The Hakanoa Reserve Pollinator Park was the first one of its kind in all of New Zealand. It was founded in 2016 by Andrea Reid, who was a former student at Unitec studying Landscape Architecture, the idea stemmed from a project that she did at uni to which her teachers encouraged her to transfer it into the real world, as there is a genuine urge and need for this type of instalment. She said the concept came from wanting to generate urban food gardens in the CBD, but she realised that for these to succeed they need to be actively pollinated and due to the worldwide shortage of especially honey bees, this would create a huge issue. She then went on into the research of what native plants are the right ones to use in order to attract all different types of pollinators. Andrea also studied the travel distance that applies to each of these species and realised that the lowest common denominator needs to be used, which is that of the non-flying insects and reptiles (New Zealand Institute of Landscape Architects, 2019).

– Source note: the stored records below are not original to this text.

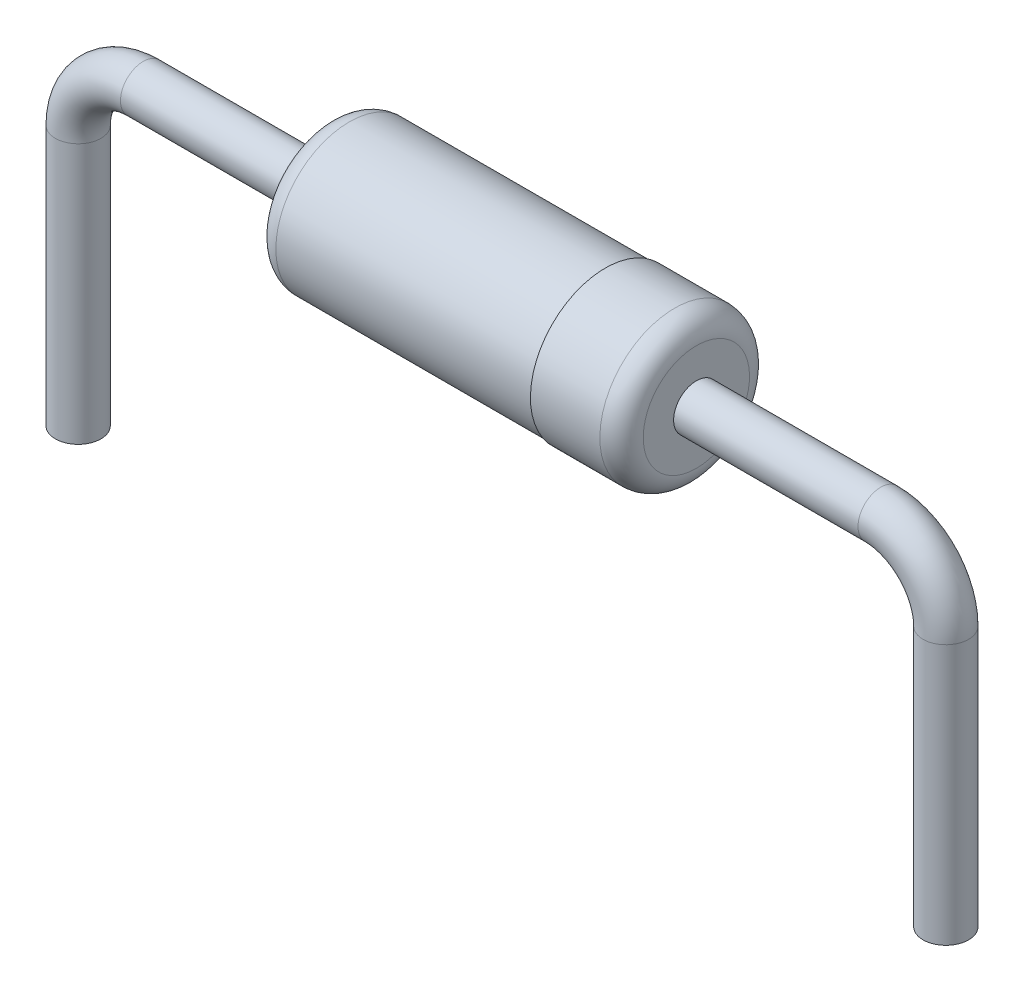
ISO-10303-21;
HEADER;
FILE_DESCRIPTION(('STEP AP214'),'2;1');
FILE_NAME('part.step','',(''),(''),'','','');
FILE_SCHEMA(('AUTOMOTIVE_DESIGN { 1 0 10303 214 1 1 1 1 }'));
ENDSEC;
DATA;
#1=APPLICATION_CONTEXT('core data for automotive mechanical design processes');
#2=APPLICATION_PROTOCOL_DEFINITION('international standard','automotive_design',2000,#1);
#3=PRODUCT_CONTEXT('',#1,'mechanical');
#4=PRODUCT('Part','Part','',(#3));
#5=PRODUCT_RELATED_PRODUCT_CATEGORY('part','',(#4));
#6=PRODUCT_DEFINITION_FORMATION('','',#4);
#7=PRODUCT_DEFINITION_CONTEXT('part definition',#1,'design');
#8=PRODUCT_DEFINITION('design','',#6,#7);
#9=PRODUCT_DEFINITION_SHAPE('','',#8);
#10=(LENGTH_UNIT() NAMED_UNIT(*) SI_UNIT(.MILLI.,.METRE.));
#11=(NAMED_UNIT(*) PLANE_ANGLE_UNIT() SI_UNIT($,.RADIAN.));
#12=(NAMED_UNIT(*) SI_UNIT($,.STERADIAN.) SOLID_ANGLE_UNIT());
#13=UNCERTAINTY_MEASURE_WITH_UNIT(LENGTH_MEASURE(1.E-05),#10,'distance_accuracy_value','');
#14=(GEOMETRIC_REPRESENTATION_CONTEXT(3) GLOBAL_UNCERTAINTY_ASSIGNED_CONTEXT((#13)) GLOBAL_UNIT_ASSIGNED_CONTEXT((#10,
#11,#12)) REPRESENTATION_CONTEXT('',''));
#15=CARTESIAN_POINT('',(0.,0.,0.));
#16=DIRECTION('',(0.,0.,1.));
#17=DIRECTION('',(1.,0.,0.));
#18=AXIS2_PLACEMENT_3D('',#15,#16,#17);
#19=CARTESIAN_POINT('',(0.762,1.27,0.));
#20=DIRECTION('',(1.,0.,0.));
#21=DIRECTION('',(0.,0.,-1.));
#22=AXIS2_PLACEMENT_3D('',#19,#20,#21);
#23=CYLINDRICAL_SURFACE('',#22,0.2665);
#24=CARTESIAN_POINT('',(0.762,1.27,0.));
#25=DIRECTION('',(1.,0.,0.));
#26=DIRECTION('',(0.,0.,1.));
#27=AXIS2_PLACEMENT_3D('',#24,#25,#26);
#28=CIRCLE('',#27,0.2665);
#29=CARTESIAN_POINT('',(0.762,1.5365,0.));
#30=VERTEX_POINT('',#29);
#31=EDGE_CURVE('E57',#30,#30,#28,.T.);
#32=ORIENTED_EDGE('',*,*,#31,.T.);
#33=EDGE_LOOP('',(#32));
#34=FACE_BOUND('',#33,.T.);
#35=CARTESIAN_POINT('',(2.921,1.27,0.));
#36=DIRECTION('',(1.,0.,0.));
#37=DIRECTION('',(0.,0.,1.));
#38=AXIS2_PLACEMENT_3D('',#35,#36,#37);
#39=CIRCLE('',#38,0.2665);
#40=CARTESIAN_POINT('',(2.921,1.27,0.2665));
#41=VERTEX_POINT('',#40);
#42=EDGE_CURVE('E49',#41,#41,#39,.T.);
#43=ORIENTED_EDGE('',*,*,#42,.F.);
#44=EDGE_LOOP('',(#43));
#45=FACE_BOUND('',#44,.T.);
#46=ADVANCED_FACE('F29',(#34,#45),#23,.T.);
#47=CARTESIAN_POINT('',(0.762,0.508,0.));
#48=DIRECTION('',(0.,0.,-1.));
#49=DIRECTION('',(-1.,0.,0.));
#50=AXIS2_PLACEMENT_3D('',#47,#48,#49);
#51=TOROIDAL_SURFACE('',#50,0.762,0.2665);
#52=CARTESIAN_POINT('',(0.,0.508,0.));
#53=DIRECTION('',(0.,1.,0.));
#54=DIRECTION('',(0.,0.,1.));
#55=AXIS2_PLACEMENT_3D('',#52,#53,#54);
#56=CIRCLE('',#55,0.2665);
#57=CARTESIAN_POINT('',(-0.2665,0.508,0.));
#58=VERTEX_POINT('',#57);
#59=EDGE_CURVE('E60',#58,#58,#56,.T.);
#60=CARTESIAN_POINT('',(0.762,0.508,0.));
#61=DIRECTION('',(0.,0.,-1.));
#62=DIRECTION('',(-1.,0.,0.));
#63=AXIS2_PLACEMENT_3D('',#60,#61,#62);
#64=CIRCLE('',#63,1.0285);
#65=EDGE_CURVE('',#58,#30,#64,.T.);
#66=ORIENTED_EDGE('',*,*,#59,.T.);
#67=ORIENTED_EDGE('',*,*,#31,.F.);
#68=ORIENTED_EDGE('',*,*,#65,.T.);
#69=ORIENTED_EDGE('',*,*,#65,.F.);
#70=EDGE_LOOP('',(#66,#68,#67,#69));
#71=FACE_BOUND('',#70,.T.);
#72=ADVANCED_FACE('F99',(#71),#51,.T.);
#73=CARTESIAN_POINT('',(0.,0.508,0.));
#74=DIRECTION('',(0.,-1.,0.));
#75=DIRECTION('',(0.,0.,-1.));
#76=AXIS2_PLACEMENT_3D('',#73,#74,#75);
#77=CYLINDRICAL_SURFACE('',#76,0.2665);
#78=ORIENTED_EDGE('',*,*,#59,.F.);
#79=EDGE_LOOP('',(#78));
#80=FACE_BOUND('',#79,.T.);
#81=CARTESIAN_POINT('',(0.,-2.54,0.));
#82=DIRECTION('',(0.,1.,0.));
#83=DIRECTION('',(0.,0.,1.));
#84=AXIS2_PLACEMENT_3D('',#81,#82,#83);
#85=CIRCLE('',#84,0.2665);
#86=CARTESIAN_POINT('',(0.,-2.54,0.2665));
#87=VERTEX_POINT('',#86);
#88=EDGE_CURVE('E61',#87,#87,#85,.T.);
#89=ORIENTED_EDGE('',*,*,#88,.T.);
#90=EDGE_LOOP('',(#89));
#91=FACE_BOUND('',#90,.T.);
#92=ADVANCED_FACE('F105',(#80,#91),#77,.T.);
#93=CARTESIAN_POINT('',(0.,-2.54,0.));
#94=DIRECTION('',(0.,1.,0.));
#95=DIRECTION('',(0.,0.,1.));
#96=AXIS2_PLACEMENT_3D('',#93,#94,#95);
#97=PLANE('',#96);
#98=ORIENTED_EDGE('',*,*,#88,.F.);
#99=EDGE_LOOP('',(#98));
#100=FACE_BOUND('',#99,.T.);
#101=ADVANCED_FACE('F144',(#100),#97,.F.);
#102=CARTESIAN_POINT('',(5.08,1.27000000000001,0.));
#103=DIRECTION('',(-1.,0.,0.));
#104=DIRECTION('',(0.,-1.,0.));
#105=AXIS2_PLACEMENT_3D('',#102,#103,#104);
#106=CYLINDRICAL_SURFACE('',#105,0.86);
#107=CARTESIAN_POINT('',(3.175,1.27,0.));
#108=DIRECTION('',(1.,0.,0.));
#109=DIRECTION('',(0.,1.,0.));
#110=AXIS2_PLACEMENT_3D('',#107,#108,#109);
#111=CIRCLE('',#110,0.86);
#112=CARTESIAN_POINT('',(3.17499999999999,2.13,0.));
#113=VERTEX_POINT('',#112);
#114=EDGE_CURVE('E36',#113,#113,#111,.T.);
#115=ORIENTED_EDGE('',*,*,#114,.T.);
#116=EDGE_LOOP('',(#115));
#117=FACE_BOUND('',#116,.T.);
#118=CARTESIAN_POINT('',(6.1722,1.27000000000001,0.));
#119=DIRECTION('',(-1.,0.,0.));
#120=DIRECTION('',(0.,-1.,0.));
#121=AXIS2_PLACEMENT_3D('',#118,#119,#120);
#122=CIRCLE('',#121,0.86);
#123=CARTESIAN_POINT('',(6.1722,0.41000000000001,0.));
#124=VERTEX_POINT('',#123);
#125=EDGE_CURVE('E50',#124,#124,#122,.T.);
#126=ORIENTED_EDGE('',*,*,#125,.T.);
#127=EDGE_LOOP('',(#126));
#128=FACE_BOUND('',#127,.T.);
#129=ADVANCED_FACE('F141',(#117,#128),#106,.T.);
#130=CARTESIAN_POINT('',(2.921,1.27,0.));
#131=DIRECTION('',(1.,0.,0.));
#132=DIRECTION('',(0.,1.,0.));
#133=AXIS2_PLACEMENT_3D('',#130,#131,#132);
#134=PLANE('',#133);
#135=CARTESIAN_POINT('',(2.921,1.27,0.));
#136=DIRECTION('',(1.,0.,0.));
#137=DIRECTION('',(0.,1.,0.));
#138=AXIS2_PLACEMENT_3D('',#135,#136,#137);
#139=CIRCLE('',#138,0.606);
#140=CARTESIAN_POINT('',(2.92099999999999,1.876,0.));
#141=VERTEX_POINT('',#140);
#142=EDGE_CURVE('E10',#141,#141,#139,.F.);
#143=ORIENTED_EDGE('',*,*,#142,.T.);
#144=EDGE_LOOP('',(#143));
#145=FACE_BOUND('',#144,.T.);
#146=ORIENTED_EDGE('',*,*,#42,.T.);
#147=EDGE_LOOP('',(#146));
#148=FACE_BOUND('',#147,.T.);
#149=ADVANCED_FACE('F95',(#145,#148),#134,.F.);
#150=CARTESIAN_POINT('',(6.1722,1.27000000000002,0.));
#151=DIRECTION('',(-1.,0.,0.));
#152=DIRECTION('',(0.,-1.,0.));
#153=AXIS2_PLACEMENT_3D('',#150,#151,#152);
#154=PLANE('',#153);
#155=CARTESIAN_POINT('',(6.1722,1.27000000000002,0.));
#156=DIRECTION('',(-1.,0.,0.));
#157=DIRECTION('',(0.,-1.,0.));
#158=AXIS2_PLACEMENT_3D('',#155,#156,#157);
#159=CIRCLE('',#158,0.8763);
#160=CARTESIAN_POINT('',(6.1722,0.393700000000017,0.));
#161=VERTEX_POINT('',#160);
#162=EDGE_CURVE('E54',#161,#161,#159,.T.);
#163=ORIENTED_EDGE('',*,*,#162,.T.);
#164=EDGE_LOOP('',(#163));
#165=FACE_BOUND('',#164,.T.);
#166=ORIENTED_EDGE('',*,*,#125,.F.);
#167=EDGE_LOOP('',(#166));
#168=FACE_BOUND('',#167,.T.);
#169=ADVANCED_FACE('F80',(#165,#168),#154,.T.);
#170=CARTESIAN_POINT('',(6.1722,1.27000000000002,0.));
#171=DIRECTION('',(1.,0.,0.));
#172=DIRECTION('',(0.,1.,0.));
#173=AXIS2_PLACEMENT_3D('',#170,#171,#172);
#174=CYLINDRICAL_SURFACE('',#173,0.8763);
#175=CARTESIAN_POINT('',(6.985,1.27000000000002,0.));
#176=DIRECTION('',(-1.,0.,0.));
#177=DIRECTION('',(0.,-1.,0.));
#178=AXIS2_PLACEMENT_3D('',#175,#176,#177);
#179=CIRCLE('',#178,0.8763);
#180=CARTESIAN_POINT('',(6.985,0.39370000000002,0.));
#181=VERTEX_POINT('',#180);
#182=EDGE_CURVE('E44',#181,#181,#179,.T.);
#183=ORIENTED_EDGE('',*,*,#182,.T.);
#184=EDGE_LOOP('',(#183));
#185=FACE_BOUND('',#184,.T.);
#186=ORIENTED_EDGE('',*,*,#162,.F.);
#187=EDGE_LOOP('',(#186));
#188=FACE_BOUND('',#187,.T.);
#189=ADVANCED_FACE('F83',(#185,#188),#174,.T.);
#190=CARTESIAN_POINT('',(10.16,-2.53999999999997,0.));
#191=DIRECTION('',(0.,1.,0.));
#192=DIRECTION('',(0.,0.,1.));
#193=AXIS2_PLACEMENT_3D('',#190,#191,#192);
#194=PLANE('',#193);
#195=CARTESIAN_POINT('',(10.16,-2.53999999999997,0.));
#196=DIRECTION('',(0.,-1.,0.));
#197=DIRECTION('',(0.,0.,1.));
#198=AXIS2_PLACEMENT_3D('',#195,#196,#197);
#199=CIRCLE('',#198,0.2665);
#200=CARTESIAN_POINT('',(10.16,-2.53999999999997,0.2665));
#201=VERTEX_POINT('',#200);
#202=EDGE_CURVE('E53',#201,#201,#199,.T.);
#203=ORIENTED_EDGE('',*,*,#202,.T.);
#204=EDGE_LOOP('',(#203));
#205=FACE_BOUND('',#204,.T.);
#206=ADVANCED_FACE('F85',(#205),#194,.F.);
#207=CARTESIAN_POINT('',(10.16,0.508000000000033,0.));
#208=DIRECTION('',(0.,-1.,0.));
#209=DIRECTION('',(0.,0.,-1.));
#210=AXIS2_PLACEMENT_3D('',#207,#208,#209);
#211=CYLINDRICAL_SURFACE('',#210,0.2665);
#212=CARTESIAN_POINT('',(10.16,0.508000000000033,0.));
#213=DIRECTION('',(0.,-1.,0.));
#214=DIRECTION('',(0.,0.,1.));
#215=AXIS2_PLACEMENT_3D('',#212,#213,#214);
#216=CIRCLE('',#215,0.2665);
#217=CARTESIAN_POINT('',(10.4265,0.508000000000035,0.));
#218=VERTEX_POINT('',#217);
#219=EDGE_CURVE('E72',#218,#218,#216,.T.);
#220=ORIENTED_EDGE('',*,*,#219,.T.);
#221=EDGE_LOOP('',(#220));
#222=FACE_BOUND('',#221,.T.);
#223=ORIENTED_EDGE('',*,*,#202,.F.);
#224=EDGE_LOOP('',(#223));
#225=FACE_BOUND('',#224,.T.);
#226=ADVANCED_FACE('F92',(#222,#225),#211,.T.);
#227=CARTESIAN_POINT('',(9.398,0.508000000000028,0.));
#228=DIRECTION('',(0.,0.,-1.));
#229=DIRECTION('',(1.,0.,0.));
#230=AXIS2_PLACEMENT_3D('',#227,#228,#229);
#231=TOROIDAL_SURFACE('',#230,0.762,0.2665);
#232=CARTESIAN_POINT('',(9.39799999999999,1.27000000000003,0.));
#233=DIRECTION('',(1.,0.,0.));
#234=DIRECTION('',(0.,0.,1.));
#235=AXIS2_PLACEMENT_3D('',#232,#233,#234);
#236=CIRCLE('',#235,0.2665);
#237=CARTESIAN_POINT('',(9.39799999999999,1.53650000000003,0.));
#238=VERTEX_POINT('',#237);
#239=EDGE_CURVE('E69',#238,#238,#236,.T.);
#240=CARTESIAN_POINT('',(9.398,0.508000000000028,0.));
#241=DIRECTION('',(0.,0.,-1.));
#242=DIRECTION('',(1.,0.,0.));
#243=AXIS2_PLACEMENT_3D('',#240,#241,#242);
#244=CIRCLE('',#243,1.0285);
#245=EDGE_CURVE('',#238,#218,#244,.T.);
#246=ORIENTED_EDGE('',*,*,#239,.T.);
#247=ORIENTED_EDGE('',*,*,#219,.F.);
#248=ORIENTED_EDGE('',*,*,#245,.T.);
#249=ORIENTED_EDGE('',*,*,#245,.F.);
#250=EDGE_LOOP('',(#246,#248,#247,#249));
#251=FACE_BOUND('',#250,.T.);
#252=ADVANCED_FACE('F128',(#251),#231,.T.);
#253=CARTESIAN_POINT('',(9.39799999999999,1.27000000000003,0.));
#254=DIRECTION('',(-1.,0.,0.));
#255=DIRECTION('',(0.,0.,-1.));
#256=AXIS2_PLACEMENT_3D('',#253,#254,#255);
#257=CYLINDRICAL_SURFACE('',#256,0.2665);
#258=ORIENTED_EDGE('',*,*,#239,.F.);
#259=EDGE_LOOP('',(#258));
#260=FACE_BOUND('',#259,.T.);
#261=CARTESIAN_POINT('',(7.23899999999999,1.27000000000001,0.));
#262=DIRECTION('',(1.,0.,0.));
#263=DIRECTION('',(0.,0.,1.));
#264=AXIS2_PLACEMENT_3D('',#261,#262,#263);
#265=CIRCLE('',#264,0.2665);
#266=CARTESIAN_POINT('',(7.23899999999999,1.27000000000001,0.2665));
#267=VERTEX_POINT('',#266);
#268=EDGE_CURVE('E64',#267,#267,#265,.T.);
#269=ORIENTED_EDGE('',*,*,#268,.T.);
#270=EDGE_LOOP('',(#269));
#271=FACE_BOUND('',#270,.T.);
#272=ADVANCED_FACE('F119',(#260,#271),#257,.T.);
#273=CARTESIAN_POINT('',(7.239,1.27000000000001,0.));
#274=DIRECTION('',(-1.,0.,0.));
#275=DIRECTION('',(0.,1.,0.));
#276=AXIS2_PLACEMENT_3D('',#273,#274,#275);
#277=PLANE('',#276);
#278=CARTESIAN_POINT('',(7.239,1.27000000000002,0.));
#279=DIRECTION('',(-1.,0.,0.));
#280=DIRECTION('',(0.,-1.,0.));
#281=AXIS2_PLACEMENT_3D('',#278,#279,#280);
#282=CIRCLE('',#281,0.6223);
#283=CARTESIAN_POINT('',(7.239,0.647700000000021,0.));
#284=VERTEX_POINT('',#283);
#285=EDGE_CURVE('E40',#284,#284,#282,.F.);
#286=ORIENTED_EDGE('',*,*,#285,.T.);
#287=EDGE_LOOP('',(#286));
#288=FACE_BOUND('',#287,.T.);
#289=ORIENTED_EDGE('',*,*,#268,.F.);
#290=EDGE_LOOP('',(#289));
#291=FACE_BOUND('',#290,.T.);
#292=ADVANCED_FACE('F112',(#288,#291),#277,.F.);
#293=CARTESIAN_POINT('',(6.985,1.27000000000002,0.));
#294=DIRECTION('',(-1.,0.,0.));
#295=DIRECTION('',(0.,-1.,0.));
#296=AXIS2_PLACEMENT_3D('',#293,#294,#295);
#297=TOROIDAL_SURFACE('',#296,0.6223,0.254);
#298=ORIENTED_EDGE('',*,*,#285,.F.);
#299=EDGE_LOOP('',(#298));
#300=FACE_BOUND('',#299,.T.);
#301=ORIENTED_EDGE('',*,*,#182,.F.);
#302=EDGE_LOOP('',(#301));
#303=FACE_BOUND('',#302,.T.);
#304=ADVANCED_FACE('F110',(#300,#303),#297,.T.);
#305=CARTESIAN_POINT('',(3.175,1.27,0.));
#306=DIRECTION('',(1.,0.,0.));
#307=DIRECTION('',(0.,1.,0.));
#308=AXIS2_PLACEMENT_3D('',#305,#306,#307);
#309=TOROIDAL_SURFACE('',#308,0.606,0.254);
#310=ORIENTED_EDGE('',*,*,#142,.F.);
#311=EDGE_LOOP('',(#310));
#312=FACE_BOUND('',#311,.T.);
#313=ORIENTED_EDGE('',*,*,#114,.F.);
#314=EDGE_LOOP('',(#313));
#315=FACE_BOUND('',#314,.T.);
#316=ADVANCED_FACE('F31',(#312,#315),#309,.T.);
#317=CLOSED_SHELL('',(#46,#72,#92,#101,#129,#149,#169,#189,#206,#226,#252,#272,#292,#304,#316));
#318=MANIFOLD_SOLID_BREP('B2',#317);
#319=ADVANCED_BREP_SHAPE_REPRESENTATION('',(#18,#318),#14);
#320=SHAPE_DEFINITION_REPRESENTATION(#9,#319);
ENDSEC;
END-ISO-10303-21;

The concept of establishing more urban growing initiatives sparked the need to create pollinator pathways, which is now translated into the Hakanoa Reserve Pollinator Park. She was able to make this in collaboration with Gecko NZ Trust, Aecom and local community groups that were very fond of the idea and soon became stakeholders.
Throughout the planting and creation of this hub, 100 volunteers from the community showed up to help plant and install bee boxes, hydration stations and pollinator walls. Andrea soon realised though that one installation wouldn’t be enough and that in order for this to become really successful, they would have to create an entire pathway that inhabits multiple instalments in order to create a green corridor that really promotes movement for these pollinators in a safe way. With the help of the previous sponsors they now have 6
instalments underway that connect Grey Lynn path with the Coxs Bay Reserve and the Kelmarna Gardens, which was set to be ready by mid 2022 (Pollinator Paths, 2021).
Issues that they are coming across though is how to get neighbours on board in order to create smaller scale projects in private spaces and how to motivate them into wanting to look after their own puzzle piece of the pollinator path.
Although to solve this they have started creating Workshops for people of all ages to attend to these areas of the pathway to learn about the importance of these pollinator instalments, how they are maintained and how different each species needs are.
Andrea Reid has also started her own website named “Pollinator Paths” which encourages people to learn about these and shows them how they can be a part to help.
Another obstacle they want to overcome is to sustain actual data about how these paths are doing, currently they’re just estimating and visually seeing the change that these spaces have created. But they want to invest in research grants and sponsorships in order to get ecologists on board that will be able to research the site in more detail and see how many pollinators are actually using the spaces.